Another nice feature of the `keras`

library (as opposed to, say the `mxnet`

library) is tracking the loss function and accuracy as the model is training (see the clip above)

By the end of the training run our model accuracy on the training set is around 98.51% on the training set and 97.95% on the validation set. It's possible to get a higher accuracy than this, but I'll leave that exploration up to you readers (feel free to share your experiments in the comments).

With 98% accuracy our model is fairly well optimised (for a first go). But having an **optimised** model (i.e. a good performance on the training set) is not the same as having a **generalised** model.
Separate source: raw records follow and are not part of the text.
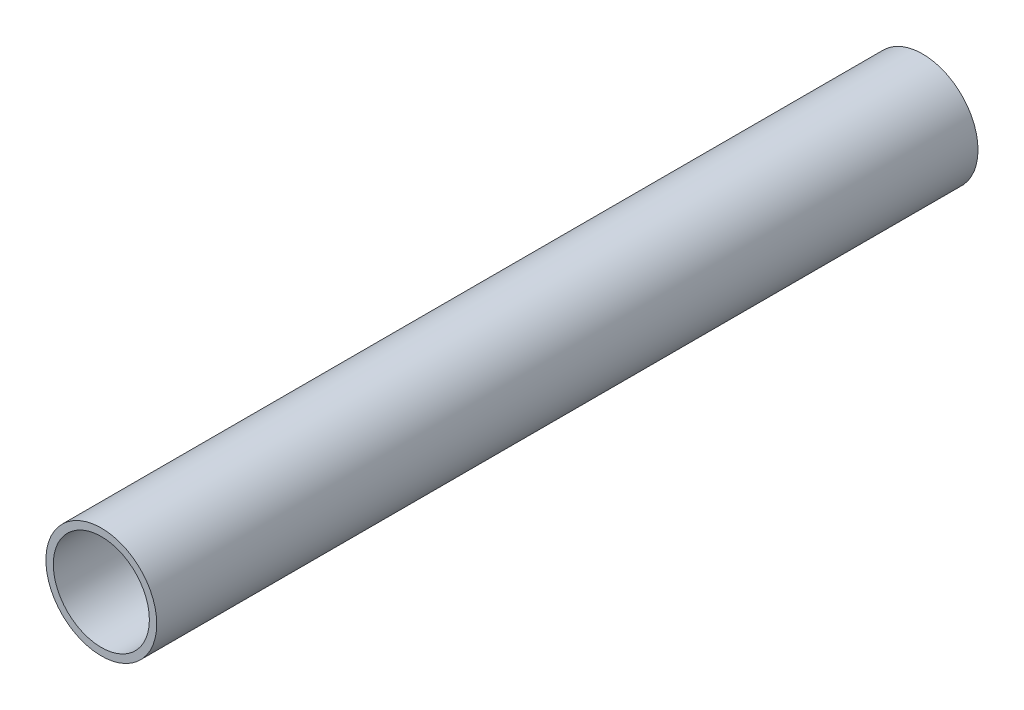
ISO-10303-21;
HEADER;
FILE_DESCRIPTION(('STEP AP214'),'2;1');
FILE_NAME('part.step','',(''),(''),'','','');
FILE_SCHEMA(('AUTOMOTIVE_DESIGN { 1 0 10303 214 1 1 1 1 }'));
ENDSEC;
DATA;
#1=APPLICATION_CONTEXT('core data for automotive mechanical design processes');
#2=APPLICATION_PROTOCOL_DEFINITION('international standard','automotive_design',2000,#1);
#3=PRODUCT_CONTEXT('',#1,'mechanical');
#4=PRODUCT('Part','Part','',(#3));
#5=PRODUCT_RELATED_PRODUCT_CATEGORY('part','',(#4));
#6=PRODUCT_DEFINITION_FORMATION('','',#4);
#7=PRODUCT_DEFINITION_CONTEXT('part definition',#1,'design');
#8=PRODUCT_DEFINITION('design','',#6,#7);
#9=PRODUCT_DEFINITION_SHAPE('','',#8);
#10=(LENGTH_UNIT() NAMED_UNIT(*) SI_UNIT(.MILLI.,.METRE.));
#11=(NAMED_UNIT(*) PLANE_ANGLE_UNIT() SI_UNIT($,.RADIAN.));
#12=(NAMED_UNIT(*) SI_UNIT($,.STERADIAN.) SOLID_ANGLE_UNIT());
#13=UNCERTAINTY_MEASURE_WITH_UNIT(LENGTH_MEASURE(1.E-05),#10,'distance_accuracy_value','');
#14=(GEOMETRIC_REPRESENTATION_CONTEXT(3) GLOBAL_UNCERTAINTY_ASSIGNED_CONTEXT((#13)) GLOBAL_UNIT_ASSIGNED_CONTEXT((#10,
#11,#12)) REPRESENTATION_CONTEXT('',''));
#15=CARTESIAN_POINT('',(0.,0.,0.));
#16=DIRECTION('',(0.,0.,1.));
#17=DIRECTION('',(1.,0.,0.));
#18=AXIS2_PLACEMENT_3D('',#15,#16,#17);
#19=CARTESIAN_POINT('',(0.,0.,200.));
#20=DIRECTION('',(0.,0.,1.));
#21=DIRECTION('',(1.,0.,0.));
#22=AXIS2_PLACEMENT_3D('',#19,#20,#21);
#23=PLANE('',#22);
#24=CARTESIAN_POINT('',(0.,0.,200.));
#25=DIRECTION('',(0.,0.,1.));
#26=DIRECTION('',(1.,0.,0.));
#27=AXIS2_PLACEMENT_3D('',#24,#25,#26);
#28=CIRCLE('',#27,13.5);
#29=CARTESIAN_POINT('',(13.5,0.,200.));
#30=VERTEX_POINT('',#29);
#31=EDGE_CURVE('E10',#30,#30,#28,.T.);
#32=ORIENTED_EDGE('',*,*,#31,.T.);
#33=EDGE_LOOP('',(#32));
#34=FACE_BOUND('',#33,.T.);
#35=CARTESIAN_POINT('',(0.,0.,200.));
#36=DIRECTION('',(0.,0.,1.));
#37=DIRECTION('',(1.,0.,0.));
#38=AXIS2_PLACEMENT_3D('',#35,#36,#37);
#39=CIRCLE('',#38,11.7);
#40=CARTESIAN_POINT('',(11.7,0.,200.));
#41=VERTEX_POINT('',#40);
#42=EDGE_CURVE('E44',#41,#41,#39,.T.);
#43=ORIENTED_EDGE('',*,*,#42,.F.);
#44=EDGE_LOOP('',(#43));
#45=FACE_BOUND('',#44,.T.);
#46=ADVANCED_FACE('F33',(#34,#45),#23,.T.);
#47=CARTESIAN_POINT('',(0.,0.,0.));
#48=DIRECTION('',(0.,0.,1.));
#49=DIRECTION('',(1.,0.,0.));
#50=AXIS2_PLACEMENT_3D('',#47,#48,#49);
#51=PLANE('',#50);
#52=CARTESIAN_POINT('',(0.,0.,0.));
#53=DIRECTION('',(0.,0.,1.));
#54=DIRECTION('',(1.,0.,0.));
#55=AXIS2_PLACEMENT_3D('',#52,#53,#54);
#56=CIRCLE('',#55,13.5);
#57=CARTESIAN_POINT('',(13.5,0.,0.));
#58=VERTEX_POINT('',#57);
#59=EDGE_CURVE('E37',#58,#58,#56,.T.);
#60=ORIENTED_EDGE('',*,*,#59,.F.);
#61=EDGE_LOOP('',(#60));
#62=FACE_BOUND('',#61,.T.);
#63=CARTESIAN_POINT('',(0.,0.,0.));
#64=DIRECTION('',(0.,0.,1.));
#65=DIRECTION('',(1.,0.,0.));
#66=AXIS2_PLACEMENT_3D('',#63,#64,#65);
#67=CIRCLE('',#66,11.7);
#68=CARTESIAN_POINT('',(11.7,0.,0.));
#69=VERTEX_POINT('',#68);
#70=EDGE_CURVE('E46',#69,#69,#67,.T.);
#71=ORIENTED_EDGE('',*,*,#70,.T.);
#72=EDGE_LOOP('',(#71));
#73=FACE_BOUND('',#72,.T.);
#74=ADVANCED_FACE('F56',(#62,#73),#51,.F.);
#75=CARTESIAN_POINT('',(0.,0.,200.));
#76=DIRECTION('',(0.,0.,-1.));
#77=DIRECTION('',(-1.,0.,0.));
#78=AXIS2_PLACEMENT_3D('',#75,#76,#77);
#79=CYLINDRICAL_SURFACE('',#78,13.5);
#80=ORIENTED_EDGE('',*,*,#31,.F.);
#81=EDGE_LOOP('',(#80));
#82=FACE_BOUND('',#81,.T.);
#83=ORIENTED_EDGE('',*,*,#59,.T.);
#84=EDGE_LOOP('',(#83));
#85=FACE_BOUND('',#84,.T.);
#86=ADVANCED_FACE('F35',(#82,#85),#79,.T.);
#87=CARTESIAN_POINT('',(0.,0.,200.));
#88=DIRECTION('',(0.,0.,-1.));
#89=DIRECTION('',(-1.,0.,0.));
#90=AXIS2_PLACEMENT_3D('',#87,#88,#89);
#91=CYLINDRICAL_SURFACE('',#90,11.7);
#92=ORIENTED_EDGE('',*,*,#42,.T.);
#93=EDGE_LOOP('',(#92));
#94=FACE_BOUND('',#93,.T.);
#95=ORIENTED_EDGE('',*,*,#70,.F.);
#96=EDGE_LOOP('',(#95));
#97=FACE_BOUND('',#96,.T.);
#98=ADVANCED_FACE('F52',(#94,#97),#91,.F.);
#99=CLOSED_SHELL('',(#46,#74,#86,#98));
#100=MANIFOLD_SOLID_BREP('B2',#99);
#101=ADVANCED_BREP_SHAPE_REPRESENTATION('',(#18,#100),#14);
#102=SHAPE_DEFINITION_REPRESENTATION(#9,#101);
ENDSEC;
END-ISO-10303-21;

We need to ensure we have not overfit the model by testing the prediction accuracy against our test set.

This is also straightforward:

```
model %>%
evaluate(x_test, y_test)
```

We get a prediction accuracy of 98.06% on the test set. Again, this is pretty good for a hello world.

# What's next?

At Symbolix we will be using more of R/keras for our machine and deep learning analysis (we are quite impressed). I am hoping to write more of these walkthroughs - what would you like to see next?